Python:Data Analytics and Visualization
上QQ阅读APP看书,第一时间看更新

The Pandas data structure

Let's first get acquainted with two of Pandas' primary data structures: the Series and the DataFrame. They can handle the majority of use cases in finance, statistic, social science, and many areas of engineering.

Series

A Series is a one-dimensional object similar to an array, list, or column in table. Each item in a Series is assigned to an entry in an index:

>>> s1 = pd.Series(np.random.rand(4),
 index=['a', 'b', 'c', 'd'])
>>> s1
a 0.6122
b 0.98096
c 0.3350
d 0.7221
dtype: float64

By default, if no index is passed, it will be created to have values ranging from 0 to N-1, where N is the length of the Series:

>>> s2 = pd.Series(np.random.rand(4))
>>> s2
0 0.6913
1 0.8487
2 0.8627
3 0.7286
dtype: float64

We can access the value of a Series by using the index:

>>> s1['c']
0.3350
>>>s1['c'] = 3.14
>>> s1['c', 'a', 'b']
c 3.14
a 0.6122
b 0.98096

This accessing method is similar to a Python dictionary.
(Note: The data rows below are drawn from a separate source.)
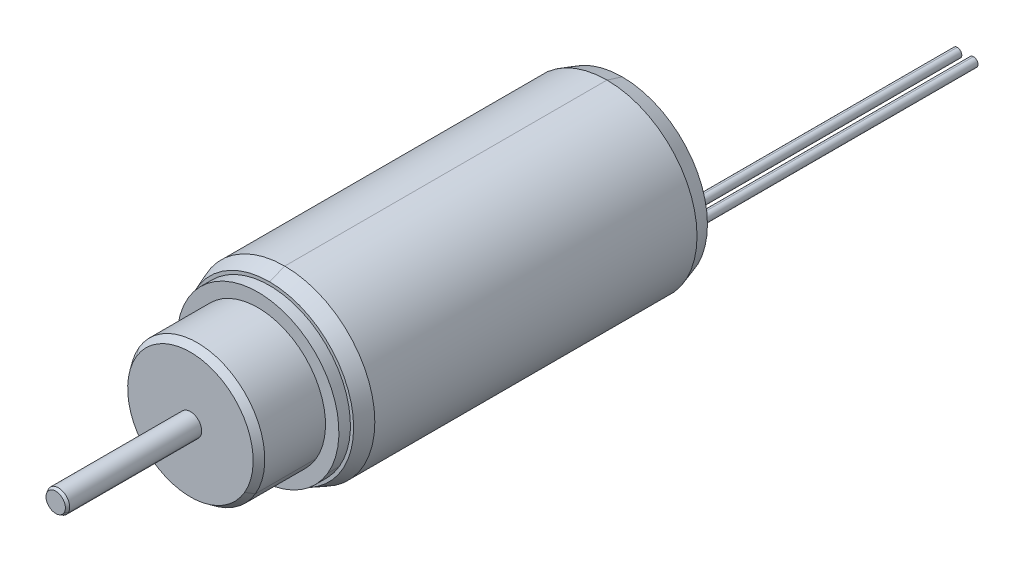
ISO-10303-21;
HEADER;
FILE_DESCRIPTION(('STEP AP214'),'2;1');
FILE_NAME('part.step','',(''),(''),'','','');
FILE_SCHEMA(('AUTOMOTIVE_DESIGN { 1 0 10303 214 1 1 1 1 }'));
ENDSEC;
DATA;
#1=APPLICATION_CONTEXT('core data for automotive mechanical design processes');
#2=APPLICATION_PROTOCOL_DEFINITION('international standard','automotive_design',2000,#1);
#3=PRODUCT_CONTEXT('',#1,'mechanical');
#4=PRODUCT('Part','Part','',(#3));
#5=PRODUCT_RELATED_PRODUCT_CATEGORY('part','',(#4));
#6=PRODUCT_DEFINITION_FORMATION('','',#4);
#7=PRODUCT_DEFINITION_CONTEXT('part definition',#1,'design');
#8=PRODUCT_DEFINITION('design','',#6,#7);
#9=PRODUCT_DEFINITION_SHAPE('','',#8);
#10=(LENGTH_UNIT() NAMED_UNIT(*) SI_UNIT(.MILLI.,.METRE.));
#11=(NAMED_UNIT(*) PLANE_ANGLE_UNIT() SI_UNIT($,.RADIAN.));
#12=(NAMED_UNIT(*) SI_UNIT($,.STERADIAN.) SOLID_ANGLE_UNIT());
#13=UNCERTAINTY_MEASURE_WITH_UNIT(LENGTH_MEASURE(1.E-05),#10,'distance_accuracy_value','');
#14=(GEOMETRIC_REPRESENTATION_CONTEXT(3) GLOBAL_UNCERTAINTY_ASSIGNED_CONTEXT((#13)) GLOBAL_UNIT_ASSIGNED_CONTEXT((#10,
#11,#12)) REPRESENTATION_CONTEXT('',''));
#15=CARTESIAN_POINT('',(0.,0.,0.));
#16=DIRECTION('',(0.,0.,1.));
#17=DIRECTION('',(1.,0.,0.));
#18=AXIS2_PLACEMENT_3D('',#15,#16,#17);
#19=CARTESIAN_POINT('',(-2.0373905760127,37.4087290330944,128.2954));
#20=DIRECTION('',(0.,0.,-1.));
#21=DIRECTION('',(0.873362261536819,-0.487071206419856,0.));
#22=AXIS2_PLACEMENT_3D('',#19,#20,#21);
#23=CONICAL_SURFACE('',#22,1.36752954743877,0.5235987755983);
#24=CARTESIAN_POINT('',(-2.0373905760127,37.4087290330944,128.2954));
#25=DIRECTION('',(0.,0.,1.));
#26=DIRECTION('',(-0.873362261536819,0.487071206419856,0.));
#27=AXIS2_PLACEMENT_3D('',#24,#25,#26);
#28=CIRCLE('',#27,1.36752954743877);
#29=CARTESIAN_POINT('',(-3.23173927428225,38.0748132995802,128.2954));
#30=VERTEX_POINT('',#29);
#31=CARTESIAN_POINT('',(-0.843041877743151,36.7426447666086,128.2954));
#32=VERTEX_POINT('',#31);
#33=EDGE_CURVE('E41',#30,#32,#28,.T.);
#34=ORIENTED_EDGE('',*,*,#33,.F.);
#35=DIRECTION('',(-0.436681130768414,0.24353560320993,-0.866025403784436));
#36=VECTOR('',#35,1.);
#37=CARTESIAN_POINT('',(-3.23173927428225,38.0748132995802,128.2954));
#38=LINE('',#37,#36);
#39=CARTESIAN_POINT('',(-3.4238531662024,38.1819545732859,127.9144));
#40=VERTEX_POINT('',#39);
#41=EDGE_CURVE('E10',#30,#40,#38,.T.);
#42=ORIENTED_EDGE('',*,*,#41,.T.);
#43=CARTESIAN_POINT('',(-2.0373905760127,37.4087290330944,127.9144));
#44=DIRECTION('',(0.,0.,-1.));
#45=DIRECTION('',(-0.873362261536819,0.487071206419855,0.));
#46=AXIS2_PLACEMENT_3D('',#43,#44,#45);
#47=CIRCLE('',#46,1.5875);
#48=CARTESIAN_POINT('',(-0.650927985823001,36.6355034929029,127.9144));
#49=VERTEX_POINT('',#48);
#50=EDGE_CURVE('E27',#49,#40,#47,.T.);
#51=ORIENTED_EDGE('',*,*,#50,.F.);
#52=DIRECTION('',(0.436681130768414,-0.24353560320993,-0.866025403784436));
#53=VECTOR('',#52,1.);
#54=CARTESIAN_POINT('',(-0.843041877743151,36.7426447666086,128.2954));
#55=LINE('',#54,#53);
#56=EDGE_CURVE('E320',#32,#49,#55,.T.);
#57=ORIENTED_EDGE('',*,*,#56,.F.);
#58=EDGE_LOOP('',(#34,#42,#51,#57));
#59=FACE_BOUND('',#58,.T.);
#60=ADVANCED_FACE('F16',(#59),#23,.T.);
#61=CARTESIAN_POINT('',(-2.0373905760127,37.4087290330944,128.2954));
#62=DIRECTION('',(0.,0.,-1.));
#63=DIRECTION('',(0.873362261536819,-0.487071206419855,0.));
#64=AXIS2_PLACEMENT_3D('',#61,#62,#63);
#65=CYLINDRICAL_SURFACE('',#64,1.5875);
#66=ORIENTED_EDGE('',*,*,#50,.T.);
#67=DIRECTION('',(0.,0.,-1.));
#68=VECTOR('',#67,1.);
#69=CARTESIAN_POINT('',(-3.4238531662024,38.1819545732859,128.2954));
#70=LINE('',#69,#68);
#71=CARTESIAN_POINT('',(-3.4238531662024,38.1819545732859,109.2962));
#72=VERTEX_POINT('',#71);
#73=EDGE_CURVE('E338',#40,#72,#70,.T.);
#74=ORIENTED_EDGE('',*,*,#73,.T.);
#75=CARTESIAN_POINT('',(-2.0373905760127,37.4087290330944,109.2962));
#76=DIRECTION('',(0.,0.,-1.));
#77=DIRECTION('',(-1.,0.,0.));
#78=AXIS2_PLACEMENT_3D('',#75,#76,#77);
#79=CIRCLE('',#78,1.5875);
#80=CARTESIAN_POINT('',(-0.650927985823001,36.6355034929029,109.2962));
#81=VERTEX_POINT('',#80);
#82=EDGE_CURVE('E286',#81,#72,#79,.T.);
#83=ORIENTED_EDGE('',*,*,#82,.F.);
#84=DIRECTION('',(0.,0.,-1.));
#85=VECTOR('',#84,1.);
#86=CARTESIAN_POINT('',(-0.650927985823002,36.6355034929029,128.2954));
#87=LINE('',#86,#85);
#88=EDGE_CURVE('E344',#49,#81,#87,.T.);
#89=ORIENTED_EDGE('',*,*,#88,.F.);
#90=EDGE_LOOP('',(#66,#74,#83,#89));
#91=FACE_BOUND('',#90,.T.);
#92=ADVANCED_FACE('F482',(#91),#65,.T.);
#93=CARTESIAN_POINT('',(-3.18039057601271,27.6281411603426,0.));
#94=DIRECTION('',(0.,0.,1.));
#95=DIRECTION('',(0.,1.,0.));
#96=AXIS2_PLACEMENT_3D('',#93,#94,#95);
#97=CYLINDRICAL_SURFACE('',#96,0.635);
#98=CARTESIAN_POINT('',(-3.18039057601271,27.6281411603426,0.));
#99=DIRECTION('',(0.,0.,-1.));
#100=DIRECTION('',(0.,-1.,0.));
#101=AXIS2_PLACEMENT_3D('',#98,#99,#100);
#102=CIRCLE('',#101,0.635);
#103=CARTESIAN_POINT('',(-3.18039057601271,26.9931411603426,0.));
#104=VERTEX_POINT('',#103);
#105=CARTESIAN_POINT('',(-3.18039057601271,28.2631411603426,0.));
#106=VERTEX_POINT('',#105);
#107=EDGE_CURVE('E278',#104,#106,#102,.T.);
#108=ORIENTED_EDGE('',*,*,#107,.F.);
#109=DIRECTION('',(0.,0.,1.));
#110=VECTOR('',#109,1.);
#111=CARTESIAN_POINT('',(-3.18039057601271,26.9931411603426,0.));
#112=LINE('',#111,#110);
#113=CARTESIAN_POINT('',(-3.18039057601271,26.9931411603426,48.387));
#114=VERTEX_POINT('',#113);
#115=EDGE_CURVE('E238',#104,#114,#112,.T.);
#116=ORIENTED_EDGE('',*,*,#115,.T.);
#117=CARTESIAN_POINT('',(-3.18039057601271,27.6281411603426,48.387));
#118=DIRECTION('',(0.,0.,-1.));
#119=DIRECTION('',(-1.,0.,0.));
#120=AXIS2_PLACEMENT_3D('',#117,#118,#119);
#121=CIRCLE('',#120,0.635);
#122=CARTESIAN_POINT('',(-3.18039057601271,28.2631411603426,48.387));
#123=VERTEX_POINT('',#122);
#124=EDGE_CURVE('E212',#114,#123,#121,.T.);
#125=ORIENTED_EDGE('',*,*,#124,.T.);
#126=DIRECTION('',(0.,0.,1.));
#127=VECTOR('',#126,1.);
#128=CARTESIAN_POINT('',(-3.18039057601271,28.2631411603426,0.));
#129=LINE('',#128,#127);
#130=EDGE_CURVE('E304',#106,#123,#129,.T.);
#131=ORIENTED_EDGE('',*,*,#130,.F.);
#132=EDGE_LOOP('',(#108,#116,#125,#131));
#133=FACE_BOUND('',#132,.T.);
#134=ADVANCED_FACE('F487',(#133),#97,.T.);
#135=CARTESIAN_POINT('',(-0.894390576012704,27.6281411603426,0.));
#136=DIRECTION('',(0.,0.,1.));
#137=DIRECTION('',(0.,1.,0.));
#138=AXIS2_PLACEMENT_3D('',#135,#136,#137);
#139=CYLINDRICAL_SURFACE('',#138,0.635);
#140=CARTESIAN_POINT('',(-0.894390576012704,27.6281411603426,0.));
#141=DIRECTION('',(0.,0.,-1.));
#142=DIRECTION('',(0.,-1.,0.));
#143=AXIS2_PLACEMENT_3D('',#140,#141,#142);
#144=CIRCLE('',#143,0.635);
#145=CARTESIAN_POINT('',(-0.894390576012704,26.9931411603426,0.));
#146=VERTEX_POINT('',#145);
#147=CARTESIAN_POINT('',(-0.894390576012704,28.2631411603426,0.));
#148=VERTEX_POINT('',#147);
#149=EDGE_CURVE('E195',#146,#148,#144,.T.);
#150=ORIENTED_EDGE('',*,*,#149,.F.);
#151=DIRECTION('',(0.,0.,1.));
#152=VECTOR('',#151,1.);
#153=CARTESIAN_POINT('',(-0.894390576012704,26.9931411603426,0.));
#154=LINE('',#153,#152);
#155=CARTESIAN_POINT('',(-0.894390576012704,26.9931411603426,48.387));
#156=VERTEX_POINT('',#155);
#157=EDGE_CURVE('E199',#146,#156,#154,.T.);
#158=ORIENTED_EDGE('',*,*,#157,.T.);
#159=CARTESIAN_POINT('',(-0.894390576012704,27.6281411603426,48.387));
#160=DIRECTION('',(0.,0.,-1.));
#161=DIRECTION('',(-1.,0.,0.));
#162=AXIS2_PLACEMENT_3D('',#159,#160,#161);
#163=CIRCLE('',#162,0.635);
#164=CARTESIAN_POINT('',(-0.894390576012704,28.2631411603426,48.387));
#165=VERTEX_POINT('',#164);
#166=EDGE_CURVE('E213',#156,#165,#163,.T.);
#167=ORIENTED_EDGE('',*,*,#166,.T.);
#168=DIRECTION('',(0.,0.,1.));
#169=VECTOR('',#168,1.);
#170=CARTESIAN_POINT('',(-0.894390576012704,28.2631411603426,0.));
#171=LINE('',#170,#169);
#172=EDGE_CURVE('E201',#148,#165,#171,.T.);
#173=ORIENTED_EDGE('',*,*,#172,.F.);
#174=EDGE_LOOP('',(#150,#158,#167,#173));
#175=FACE_BOUND('',#174,.T.);
#176=ADVANCED_FACE('F197',(#175),#139,.T.);
#177=CARTESIAN_POINT('',(-2.0373905760127,37.4087290330944,46.4566));
#178=DIRECTION('',(0.,0.,1.));
#179=DIRECTION('',(-0.873362261536819,0.487071206419856,0.));
#180=AXIS2_PLACEMENT_3D('',#177,#178,#179);
#181=CONICAL_SURFACE('',#180,5.46735,0.785398163397446);
#182=CARTESIAN_POINT('',(-2.0373905760127,37.4087290330944,45.8216));
#183=DIRECTION('',(0.,0.,-1.));
#184=DIRECTION('',(0.487071206419856,0.873362261536819,0.));
#185=AXIS2_PLACEMENT_3D('',#182,#183,#184);
#186=CIRCLE('',#185,4.83235);
#187=CARTESIAN_POINT('',(2.18300154852473,35.0550304887514,45.8216));
#188=VERTEX_POINT('',#187);
#189=CARTESIAN_POINT('',(-6.25778270055014,39.7624275774374,45.8216));
#190=VERTEX_POINT('',#189);
#191=EDGE_CURVE('E222',#188,#190,#186,.T.);
#192=ORIENTED_EDGE('',*,*,#191,.F.);
#193=DIRECTION('',(0.617560377565102,-0.344411352980192,0.707106781186549));
#194=VECTOR('',#193,1.);
#195=CARTESIAN_POINT('',(2.73758658460063,34.7457402726748,46.4566));
#196=LINE('',#195,#194);
#197=CARTESIAN_POINT('',(2.73758658460063,34.7457402726748,46.4566));
#198=VERTEX_POINT('',#197);
#199=EDGE_CURVE('E351',#188,#198,#196,.T.);
#200=ORIENTED_EDGE('',*,*,#199,.T.);
#201=CARTESIAN_POINT('',(-2.0373905760127,37.4087290330944,46.4566));
#202=DIRECTION('',(0.,0.,1.));
#203=DIRECTION('',(0.873362261536819,-0.487071206419855,0.));
#204=AXIS2_PLACEMENT_3D('',#201,#202,#203);
#205=CIRCLE('',#204,5.46735);
#206=CARTESIAN_POINT('',(-4.7003793364323,32.6337518724811,46.4566));
#207=VERTEX_POINT('',#206);
#208=EDGE_CURVE('E348',#207,#198,#205,.T.);
#209=ORIENTED_EDGE('',*,*,#208,.F.);
#210=CARTESIAN_POINT('',(-2.0373905760127,37.4087290330944,46.4566));
#211=DIRECTION('',(0.,0.,1.));
#212=DIRECTION('',(0.873362261536818,-0.487071206419857,0.));
#213=AXIS2_PLACEMENT_3D('',#210,#211,#212);
#214=CIRCLE('',#213,5.46735);
#215=CARTESIAN_POINT('',(-6.81236773662603,40.071717793514,46.4566));
#216=VERTEX_POINT('',#215);
#217=EDGE_CURVE('E248',#216,#207,#214,.T.);
#218=ORIENTED_EDGE('',*,*,#217,.F.);
#219=DIRECTION('',(-0.617560377565102,0.344411352980191,0.707106781186549));
#220=VECTOR('',#219,1.);
#221=CARTESIAN_POINT('',(-6.81236773662603,40.071717793514,46.4566));
#222=LINE('',#221,#220);
#223=EDGE_CURVE('E216',#190,#216,#222,.T.);
#224=ORIENTED_EDGE('',*,*,#223,.F.);
#225=EDGE_LOOP('',(#192,#200,#209,#218,#224));
#226=FACE_BOUND('',#225,.T.);
#227=ADVANCED_FACE('F494',(#226),#181,.T.);
#228=CARTESIAN_POINT('',(-2.0373905760127,37.4087290330944,71.95185));
#229=DIRECTION('',(0.,0.,1.));
#230=DIRECTION('',(-0.487071206419856,-0.873362261536819,0.));
#231=AXIS2_PLACEMENT_3D('',#228,#229,#230);
#232=CYLINDRICAL_SURFACE('',#231,5.46735);
#233=ORIENTED_EDGE('',*,*,#208,.T.);
#234=CARTESIAN_POINT('',(-2.0373905760127,37.4087290330944,46.4566));
#235=DIRECTION('',(0.,0.,1.));
#236=DIRECTION('',(0.873362261536819,-0.487071206419856,0.));
#237=AXIS2_PLACEMENT_3D('',#234,#235,#236);
#238=CIRCLE('',#237,5.46735);
#239=CARTESIAN_POINT('',(0.625598184406901,42.1837061937077,46.4566));
#240=VERTEX_POINT('',#239);
#241=EDGE_CURVE('E352',#198,#240,#238,.T.);
#242=ORIENTED_EDGE('',*,*,#241,.T.);
#243=DIRECTION('',(0.,0.,1.));
#244=VECTOR('',#243,1.);
#245=CARTESIAN_POINT('',(0.6255981844069,42.1837061937077,71.95185));
#246=LINE('',#245,#244);
#247=CARTESIAN_POINT('',(0.625598184406901,42.1837061937077,48.387));
#248=VERTEX_POINT('',#247);
#249=EDGE_CURVE('E311',#240,#248,#246,.T.);
#250=ORIENTED_EDGE('',*,*,#249,.T.);
#251=CARTESIAN_POINT('',(-2.0373905760127,37.4087290330944,48.387));
#252=DIRECTION('',(0.,0.,-1.));
#253=DIRECTION('',(-1.,0.,0.));
#254=AXIS2_PLACEMENT_3D('',#251,#252,#253);
#255=CIRCLE('',#254,5.46735);
#256=CARTESIAN_POINT('',(-4.7003793364323,32.6337518724811,48.387));
#257=VERTEX_POINT('',#256);
#258=EDGE_CURVE('E307',#248,#257,#255,.T.);
#259=ORIENTED_EDGE('',*,*,#258,.T.);
#260=DIRECTION('',(0.,0.,1.));
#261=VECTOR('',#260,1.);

Therefore, Pandas also allows us to initialize a Series object directly from a Python dictionary:

>>> s3 = pd.Series({'001': 'Nam', '002': 'Mary',
 '003': 'Peter'})
>>> s3
001 Nam
002 Mary
003 Peter
dtype: object

Sometimes, we want to filter or rename the index of a Series created from a Python dictionary. At such times, we can pass the selected index list directly to the initial function, similarly to the process in the above example. Only elements that exist in the index list will be in the Series object. Conversely, indexes that are missing in the dictionary are initialized to default NaN values by Pandas:

>>> s4 = pd.Series({'001': 'Nam', '002': 'Mary',
 '003': 'Peter'}, index=[
 '002', '001', '024', '065'])
>>> s4
002 Mary
001 Nam
024 NaN
065 NaN
dtype: object
ect

The library also supports functions that detect missing data:

>>> pd.isnull(s4)
002 False
001 False
024 True
065 True
dtype: bool

Similarly, we can also initialize a Series from a scalar value:

>>> s5 = pd.Series(2.71, index=['x', 'y'])
>>> s5
x 2.71
y 2.71
dtype: float64

A Series object can be initialized with NumPy objects as well, such as ndarray. Moreover, Pandas can automatically align data indexed in different ways in arithmetic operations:

>>> s6 = pd.Series(np.array([2.71, 3.14]), index=['z', 'y'])
>>> s6
z 2.71
y 3.14
dtype: float64
>>> s5 + s6
x NaN
y 5.85
z NaN
dtype: float64

The DataFrame

The DataFrame is a tabular data structure comprising a set of ordered columns and rows. It can be thought of as a group of Series objects that share an index (the column names). There are a number of ways to initialize a DataFrame object. Firstly, let's take a look at the common example of creating DataFrame from a dictionary of lists:

>>> data = {'Year': [2000, 2005, 2010, 2014],
 'Median_Age': [24.2, 26.4, 28.5, 30.3],
 'Density': [244, 256, 268, 279]}
>>> df1 = pd.DataFrame(data)
>>> df1
 Density Median_Age Year
0 244 24.2 2000
1 256 26.4 2005
2 268 28.5 2010
3 279 30.3 2014

By default, the DataFrame constructor will order the column alphabetically. We can edit the default order by passing the column's attribute to the initializing function:

>>> df2 = pd.DataFrame(data, columns=['Year', 'Density', 
 'Median_Age'])
>>> df2
 Year Density Median_Age
0 2000 244 24.2
1 2005 256 26.4
2 2010 268 28.5
3 2014 279 30.3
>>> df2.index
Int64Index([0, 1, 2, 3], dtype='int64')

We can provide the index labels of a DataFrame similar to a Series:

>>> df3 = pd.DataFrame(data, columns=['Year', 'Density', 
 'Median_Age'], index=['a', 'b', 'c', 'd'])
>>> df3.index
Index([u'a', u'b', u'c', u'd'], dtype='object')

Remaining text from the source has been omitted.